About this exercise: Only one stretch of the records below is wanted: the lines from the one holding "closes the mountPowerIn" through the one holding "either fully open". Return it exactly, both ends included.

-- Opening Marker --

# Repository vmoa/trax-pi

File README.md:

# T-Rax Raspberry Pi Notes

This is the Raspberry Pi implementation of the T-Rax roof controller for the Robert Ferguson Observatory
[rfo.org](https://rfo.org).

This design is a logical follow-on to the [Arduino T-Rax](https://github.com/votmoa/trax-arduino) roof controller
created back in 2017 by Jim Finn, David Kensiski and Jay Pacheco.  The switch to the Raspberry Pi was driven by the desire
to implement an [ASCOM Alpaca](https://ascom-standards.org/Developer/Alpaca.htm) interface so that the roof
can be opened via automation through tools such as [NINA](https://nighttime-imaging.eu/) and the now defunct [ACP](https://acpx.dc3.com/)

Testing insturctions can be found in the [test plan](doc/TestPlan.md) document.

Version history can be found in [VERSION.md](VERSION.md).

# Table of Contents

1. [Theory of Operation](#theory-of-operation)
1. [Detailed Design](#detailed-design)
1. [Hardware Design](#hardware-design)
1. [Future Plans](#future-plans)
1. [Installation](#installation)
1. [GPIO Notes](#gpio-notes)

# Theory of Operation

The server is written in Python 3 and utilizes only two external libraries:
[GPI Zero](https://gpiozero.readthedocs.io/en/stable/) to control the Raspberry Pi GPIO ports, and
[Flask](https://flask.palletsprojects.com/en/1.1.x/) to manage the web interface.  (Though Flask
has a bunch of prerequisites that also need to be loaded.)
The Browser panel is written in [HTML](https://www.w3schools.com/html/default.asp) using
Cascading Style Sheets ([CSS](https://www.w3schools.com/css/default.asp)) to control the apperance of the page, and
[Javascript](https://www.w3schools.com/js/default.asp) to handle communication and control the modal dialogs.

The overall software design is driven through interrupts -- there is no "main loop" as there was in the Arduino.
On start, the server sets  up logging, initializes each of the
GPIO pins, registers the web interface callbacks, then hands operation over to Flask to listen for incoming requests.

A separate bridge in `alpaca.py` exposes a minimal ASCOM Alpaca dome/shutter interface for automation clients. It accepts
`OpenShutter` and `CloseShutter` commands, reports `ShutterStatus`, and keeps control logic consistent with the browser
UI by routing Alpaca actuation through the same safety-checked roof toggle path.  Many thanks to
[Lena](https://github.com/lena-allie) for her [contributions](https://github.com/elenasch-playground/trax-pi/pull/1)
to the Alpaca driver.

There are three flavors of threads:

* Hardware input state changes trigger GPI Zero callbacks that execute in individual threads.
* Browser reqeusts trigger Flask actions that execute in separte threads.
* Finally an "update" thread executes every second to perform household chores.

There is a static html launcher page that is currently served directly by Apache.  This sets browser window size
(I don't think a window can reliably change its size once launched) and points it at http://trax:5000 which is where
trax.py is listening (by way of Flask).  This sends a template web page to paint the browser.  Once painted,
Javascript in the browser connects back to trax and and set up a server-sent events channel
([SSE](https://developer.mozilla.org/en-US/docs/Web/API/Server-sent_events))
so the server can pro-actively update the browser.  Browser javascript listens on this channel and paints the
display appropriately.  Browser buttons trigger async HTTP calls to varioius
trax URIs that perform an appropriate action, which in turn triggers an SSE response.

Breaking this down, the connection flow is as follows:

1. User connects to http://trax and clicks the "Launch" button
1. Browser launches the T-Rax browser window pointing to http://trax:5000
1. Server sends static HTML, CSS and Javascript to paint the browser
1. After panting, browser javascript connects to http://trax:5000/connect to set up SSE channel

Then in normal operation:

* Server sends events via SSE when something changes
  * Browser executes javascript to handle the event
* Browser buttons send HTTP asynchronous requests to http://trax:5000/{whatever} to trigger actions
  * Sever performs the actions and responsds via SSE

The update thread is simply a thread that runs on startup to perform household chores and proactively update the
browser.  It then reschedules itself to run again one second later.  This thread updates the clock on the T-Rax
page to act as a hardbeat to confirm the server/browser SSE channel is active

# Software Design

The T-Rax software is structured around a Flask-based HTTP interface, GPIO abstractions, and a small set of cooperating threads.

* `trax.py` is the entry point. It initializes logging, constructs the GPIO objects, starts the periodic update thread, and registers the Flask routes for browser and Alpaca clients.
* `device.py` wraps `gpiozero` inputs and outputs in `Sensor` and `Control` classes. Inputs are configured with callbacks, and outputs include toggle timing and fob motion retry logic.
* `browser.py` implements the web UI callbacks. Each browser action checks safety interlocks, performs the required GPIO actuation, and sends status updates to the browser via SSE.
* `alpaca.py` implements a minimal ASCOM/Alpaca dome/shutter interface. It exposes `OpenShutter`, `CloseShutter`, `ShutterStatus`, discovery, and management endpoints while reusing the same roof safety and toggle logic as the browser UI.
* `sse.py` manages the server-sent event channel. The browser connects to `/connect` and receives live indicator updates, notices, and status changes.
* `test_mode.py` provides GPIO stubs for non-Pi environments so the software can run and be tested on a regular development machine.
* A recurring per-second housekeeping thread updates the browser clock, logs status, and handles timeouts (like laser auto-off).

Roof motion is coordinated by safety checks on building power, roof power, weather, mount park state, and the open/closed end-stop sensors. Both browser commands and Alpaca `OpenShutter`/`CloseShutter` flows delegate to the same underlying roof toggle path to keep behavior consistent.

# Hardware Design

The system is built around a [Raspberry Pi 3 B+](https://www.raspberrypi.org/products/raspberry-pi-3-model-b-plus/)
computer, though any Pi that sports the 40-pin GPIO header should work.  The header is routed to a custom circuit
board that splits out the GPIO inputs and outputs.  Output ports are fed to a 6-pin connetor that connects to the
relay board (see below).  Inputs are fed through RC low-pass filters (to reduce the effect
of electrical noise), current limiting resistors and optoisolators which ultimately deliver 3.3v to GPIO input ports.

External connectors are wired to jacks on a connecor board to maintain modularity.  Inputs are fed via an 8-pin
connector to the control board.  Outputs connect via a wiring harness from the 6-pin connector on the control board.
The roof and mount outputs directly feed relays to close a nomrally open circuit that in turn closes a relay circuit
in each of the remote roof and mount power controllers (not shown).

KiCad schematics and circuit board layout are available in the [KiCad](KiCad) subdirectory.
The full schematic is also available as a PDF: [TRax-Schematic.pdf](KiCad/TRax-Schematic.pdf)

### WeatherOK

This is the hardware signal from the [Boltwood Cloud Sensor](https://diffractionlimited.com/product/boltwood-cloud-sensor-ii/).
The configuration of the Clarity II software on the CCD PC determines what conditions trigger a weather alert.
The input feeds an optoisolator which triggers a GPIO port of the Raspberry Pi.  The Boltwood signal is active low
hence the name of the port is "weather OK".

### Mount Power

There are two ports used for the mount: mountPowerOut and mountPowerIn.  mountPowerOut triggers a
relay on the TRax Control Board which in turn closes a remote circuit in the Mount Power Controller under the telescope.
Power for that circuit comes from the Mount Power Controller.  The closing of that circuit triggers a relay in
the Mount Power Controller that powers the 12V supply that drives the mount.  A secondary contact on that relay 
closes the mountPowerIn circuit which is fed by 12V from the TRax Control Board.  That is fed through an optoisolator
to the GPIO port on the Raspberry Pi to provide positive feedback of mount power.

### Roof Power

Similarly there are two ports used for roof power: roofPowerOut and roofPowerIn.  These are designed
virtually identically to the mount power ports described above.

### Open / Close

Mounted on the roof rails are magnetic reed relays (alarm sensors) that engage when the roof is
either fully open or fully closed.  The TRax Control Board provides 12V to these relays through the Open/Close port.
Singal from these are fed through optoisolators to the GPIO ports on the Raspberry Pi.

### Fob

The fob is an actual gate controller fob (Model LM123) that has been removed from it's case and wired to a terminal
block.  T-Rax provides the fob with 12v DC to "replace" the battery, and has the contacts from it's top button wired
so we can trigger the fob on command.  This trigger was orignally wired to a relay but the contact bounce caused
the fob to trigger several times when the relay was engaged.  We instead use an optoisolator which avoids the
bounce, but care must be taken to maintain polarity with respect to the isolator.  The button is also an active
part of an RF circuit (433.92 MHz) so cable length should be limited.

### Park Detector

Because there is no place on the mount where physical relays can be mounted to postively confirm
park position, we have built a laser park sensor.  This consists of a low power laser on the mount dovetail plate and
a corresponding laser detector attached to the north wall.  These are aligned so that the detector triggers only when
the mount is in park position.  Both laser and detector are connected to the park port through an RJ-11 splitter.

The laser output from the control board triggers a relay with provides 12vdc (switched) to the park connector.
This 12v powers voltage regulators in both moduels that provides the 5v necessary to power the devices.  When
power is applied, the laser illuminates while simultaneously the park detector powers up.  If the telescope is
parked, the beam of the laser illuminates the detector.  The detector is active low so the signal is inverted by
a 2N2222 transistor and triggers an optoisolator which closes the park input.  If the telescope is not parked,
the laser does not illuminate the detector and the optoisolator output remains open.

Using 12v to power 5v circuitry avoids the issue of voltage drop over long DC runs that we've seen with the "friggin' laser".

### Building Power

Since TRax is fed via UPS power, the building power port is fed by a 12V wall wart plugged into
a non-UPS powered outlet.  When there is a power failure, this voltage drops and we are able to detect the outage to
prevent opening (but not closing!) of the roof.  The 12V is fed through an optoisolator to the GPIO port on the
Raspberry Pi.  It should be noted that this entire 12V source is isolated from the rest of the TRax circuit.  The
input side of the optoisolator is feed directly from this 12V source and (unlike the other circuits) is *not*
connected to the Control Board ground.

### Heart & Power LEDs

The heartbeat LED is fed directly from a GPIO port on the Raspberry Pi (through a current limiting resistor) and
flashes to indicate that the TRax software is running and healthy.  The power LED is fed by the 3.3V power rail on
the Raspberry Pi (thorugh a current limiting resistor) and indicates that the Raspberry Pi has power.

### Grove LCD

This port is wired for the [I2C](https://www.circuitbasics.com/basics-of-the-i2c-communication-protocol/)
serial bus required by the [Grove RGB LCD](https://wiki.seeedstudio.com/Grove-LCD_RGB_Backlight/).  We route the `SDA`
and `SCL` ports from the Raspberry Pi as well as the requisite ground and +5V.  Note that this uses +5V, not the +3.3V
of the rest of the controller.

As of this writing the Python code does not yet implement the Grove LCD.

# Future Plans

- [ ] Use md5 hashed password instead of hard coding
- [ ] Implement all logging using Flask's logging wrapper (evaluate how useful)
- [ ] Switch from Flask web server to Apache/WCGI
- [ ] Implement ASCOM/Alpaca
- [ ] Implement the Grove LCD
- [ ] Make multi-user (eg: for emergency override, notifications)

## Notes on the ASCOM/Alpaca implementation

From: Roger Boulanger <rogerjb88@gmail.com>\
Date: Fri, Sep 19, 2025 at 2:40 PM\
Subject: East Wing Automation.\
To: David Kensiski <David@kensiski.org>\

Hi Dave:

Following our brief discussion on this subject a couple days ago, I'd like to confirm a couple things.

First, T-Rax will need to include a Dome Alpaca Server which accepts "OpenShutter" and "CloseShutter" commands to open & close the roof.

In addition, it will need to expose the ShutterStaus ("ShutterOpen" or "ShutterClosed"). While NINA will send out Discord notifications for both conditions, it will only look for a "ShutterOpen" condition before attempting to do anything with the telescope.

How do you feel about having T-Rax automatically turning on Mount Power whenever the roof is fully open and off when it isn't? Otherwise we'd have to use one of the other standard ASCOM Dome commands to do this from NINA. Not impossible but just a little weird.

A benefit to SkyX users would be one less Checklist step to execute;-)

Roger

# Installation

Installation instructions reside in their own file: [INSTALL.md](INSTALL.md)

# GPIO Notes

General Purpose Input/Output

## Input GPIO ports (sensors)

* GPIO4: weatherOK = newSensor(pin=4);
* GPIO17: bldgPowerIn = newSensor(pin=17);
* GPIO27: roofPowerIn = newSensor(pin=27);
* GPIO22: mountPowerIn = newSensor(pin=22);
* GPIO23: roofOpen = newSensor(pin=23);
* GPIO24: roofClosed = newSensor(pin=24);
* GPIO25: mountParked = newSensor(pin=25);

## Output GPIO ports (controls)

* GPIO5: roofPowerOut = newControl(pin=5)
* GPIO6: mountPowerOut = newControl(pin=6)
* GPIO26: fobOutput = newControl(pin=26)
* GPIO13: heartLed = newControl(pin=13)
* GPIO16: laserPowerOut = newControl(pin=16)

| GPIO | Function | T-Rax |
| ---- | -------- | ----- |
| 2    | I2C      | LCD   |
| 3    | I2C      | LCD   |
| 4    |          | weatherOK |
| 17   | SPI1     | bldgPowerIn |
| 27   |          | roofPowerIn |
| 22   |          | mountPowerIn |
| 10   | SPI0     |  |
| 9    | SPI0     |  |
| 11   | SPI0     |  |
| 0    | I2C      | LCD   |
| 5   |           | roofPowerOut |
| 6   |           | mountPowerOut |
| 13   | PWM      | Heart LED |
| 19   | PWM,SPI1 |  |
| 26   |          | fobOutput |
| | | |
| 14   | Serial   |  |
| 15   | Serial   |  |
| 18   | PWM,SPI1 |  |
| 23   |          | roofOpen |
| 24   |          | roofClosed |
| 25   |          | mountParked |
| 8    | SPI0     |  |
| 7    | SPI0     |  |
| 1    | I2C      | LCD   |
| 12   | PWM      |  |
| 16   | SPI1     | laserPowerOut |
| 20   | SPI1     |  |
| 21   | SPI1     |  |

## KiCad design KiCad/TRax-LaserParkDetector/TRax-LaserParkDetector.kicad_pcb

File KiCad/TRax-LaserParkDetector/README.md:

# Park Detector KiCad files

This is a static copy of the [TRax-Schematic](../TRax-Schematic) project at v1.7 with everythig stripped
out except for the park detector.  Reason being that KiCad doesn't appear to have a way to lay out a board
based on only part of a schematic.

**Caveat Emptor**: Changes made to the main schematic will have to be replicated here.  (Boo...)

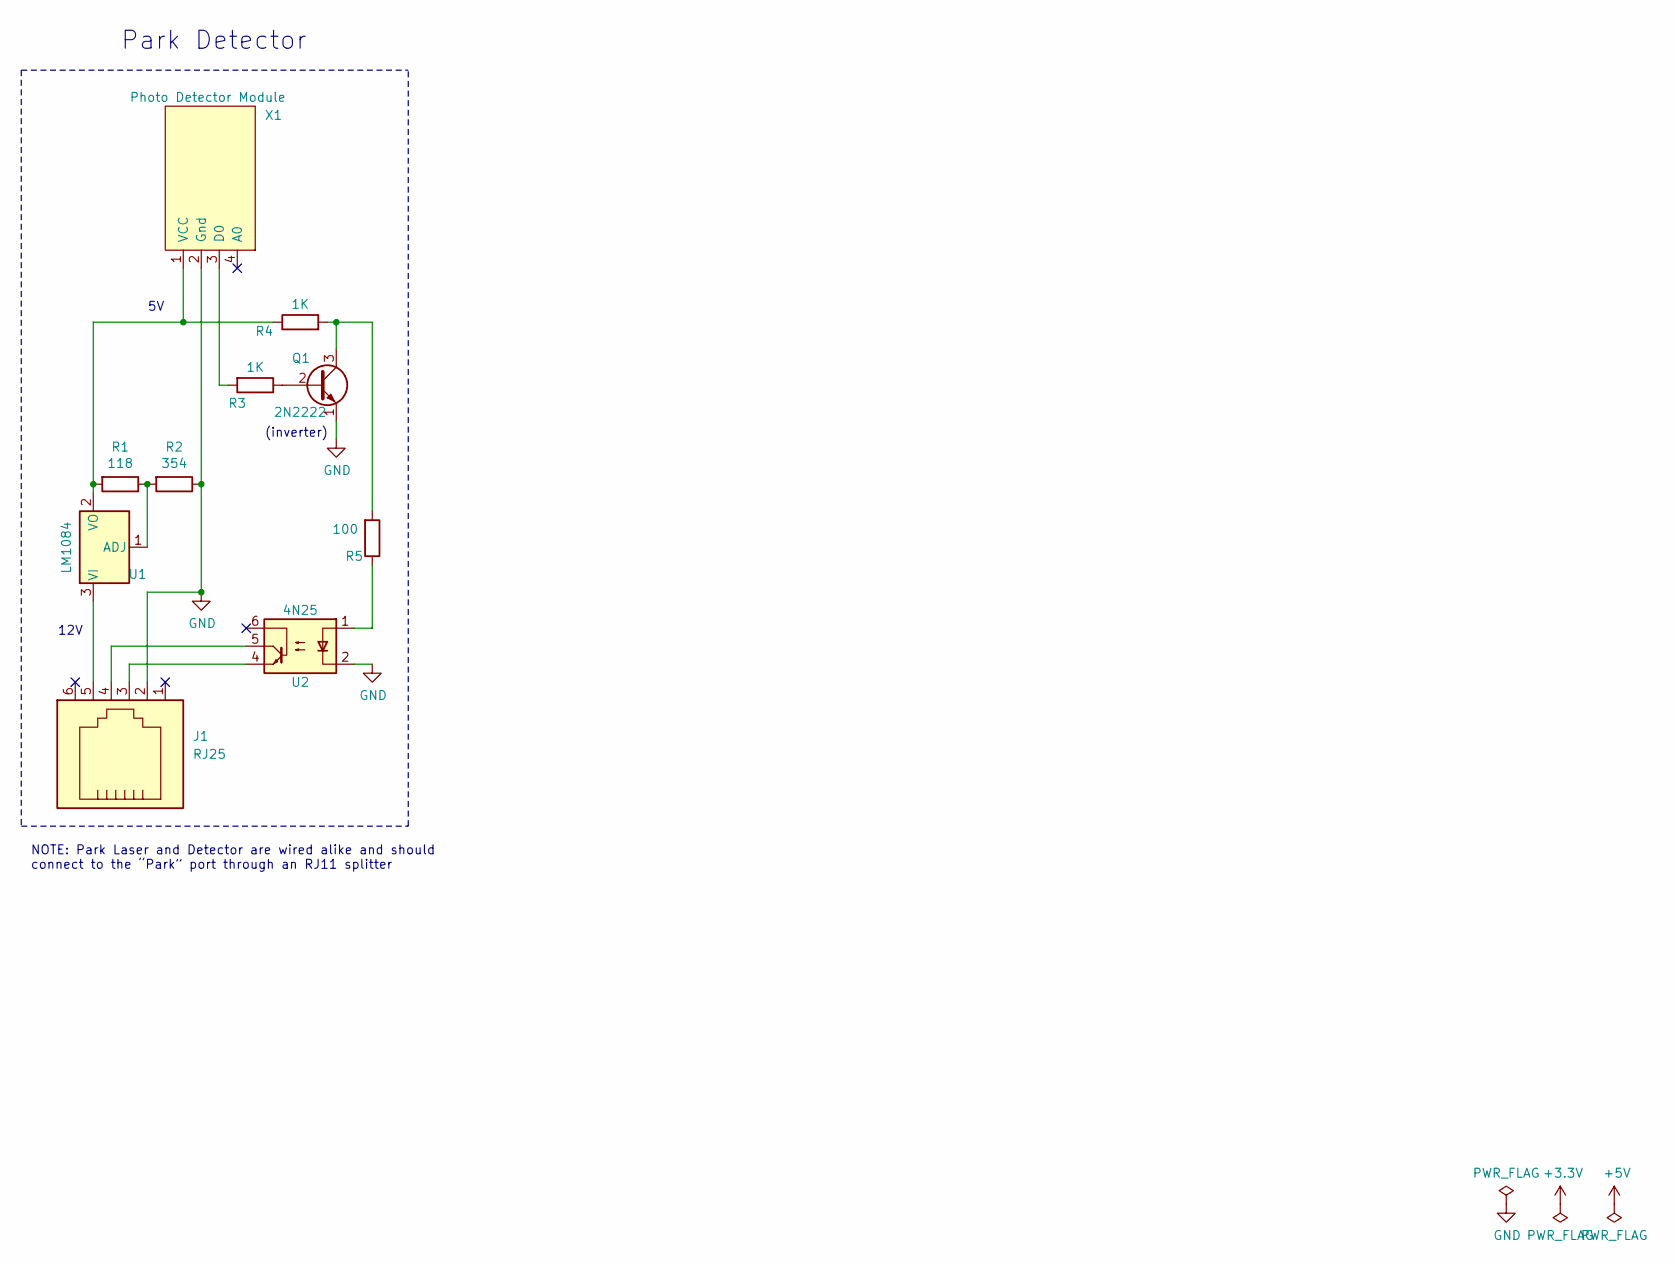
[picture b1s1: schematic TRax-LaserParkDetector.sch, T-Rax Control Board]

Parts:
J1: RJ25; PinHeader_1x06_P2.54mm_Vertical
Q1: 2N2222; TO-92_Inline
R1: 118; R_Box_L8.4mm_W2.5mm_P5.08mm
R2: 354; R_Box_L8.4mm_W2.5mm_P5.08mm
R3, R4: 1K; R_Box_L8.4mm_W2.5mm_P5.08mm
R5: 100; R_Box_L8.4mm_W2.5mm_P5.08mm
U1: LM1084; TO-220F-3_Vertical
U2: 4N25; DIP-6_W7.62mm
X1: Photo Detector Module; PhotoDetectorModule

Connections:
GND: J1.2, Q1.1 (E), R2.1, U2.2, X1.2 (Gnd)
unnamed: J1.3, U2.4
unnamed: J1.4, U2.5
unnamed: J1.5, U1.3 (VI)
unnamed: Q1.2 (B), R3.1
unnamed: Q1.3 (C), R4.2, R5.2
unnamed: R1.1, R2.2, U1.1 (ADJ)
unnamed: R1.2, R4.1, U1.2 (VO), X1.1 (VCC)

-- Closing Marker --

Solution to this problem:
closes the mountPowerIn circuit which is fed by 12V from the TRax Control Board.  That is fed through an optoisolator
to the GPIO port on the Raspberry Pi to provide positive feedback of mount power.

### Roof Power

Similarly there are two ports used for roof power: roofPowerOut and roofPowerIn.  These are designed
virtually identically to the mount power ports described above.

### Open / Close

Mounted on the roof rails are magnetic reed relays (alarm sensors) that engage when the roof is
either fully open or fully closed.  The TRax Control Board provides 12V to these relays through the Open/Close port.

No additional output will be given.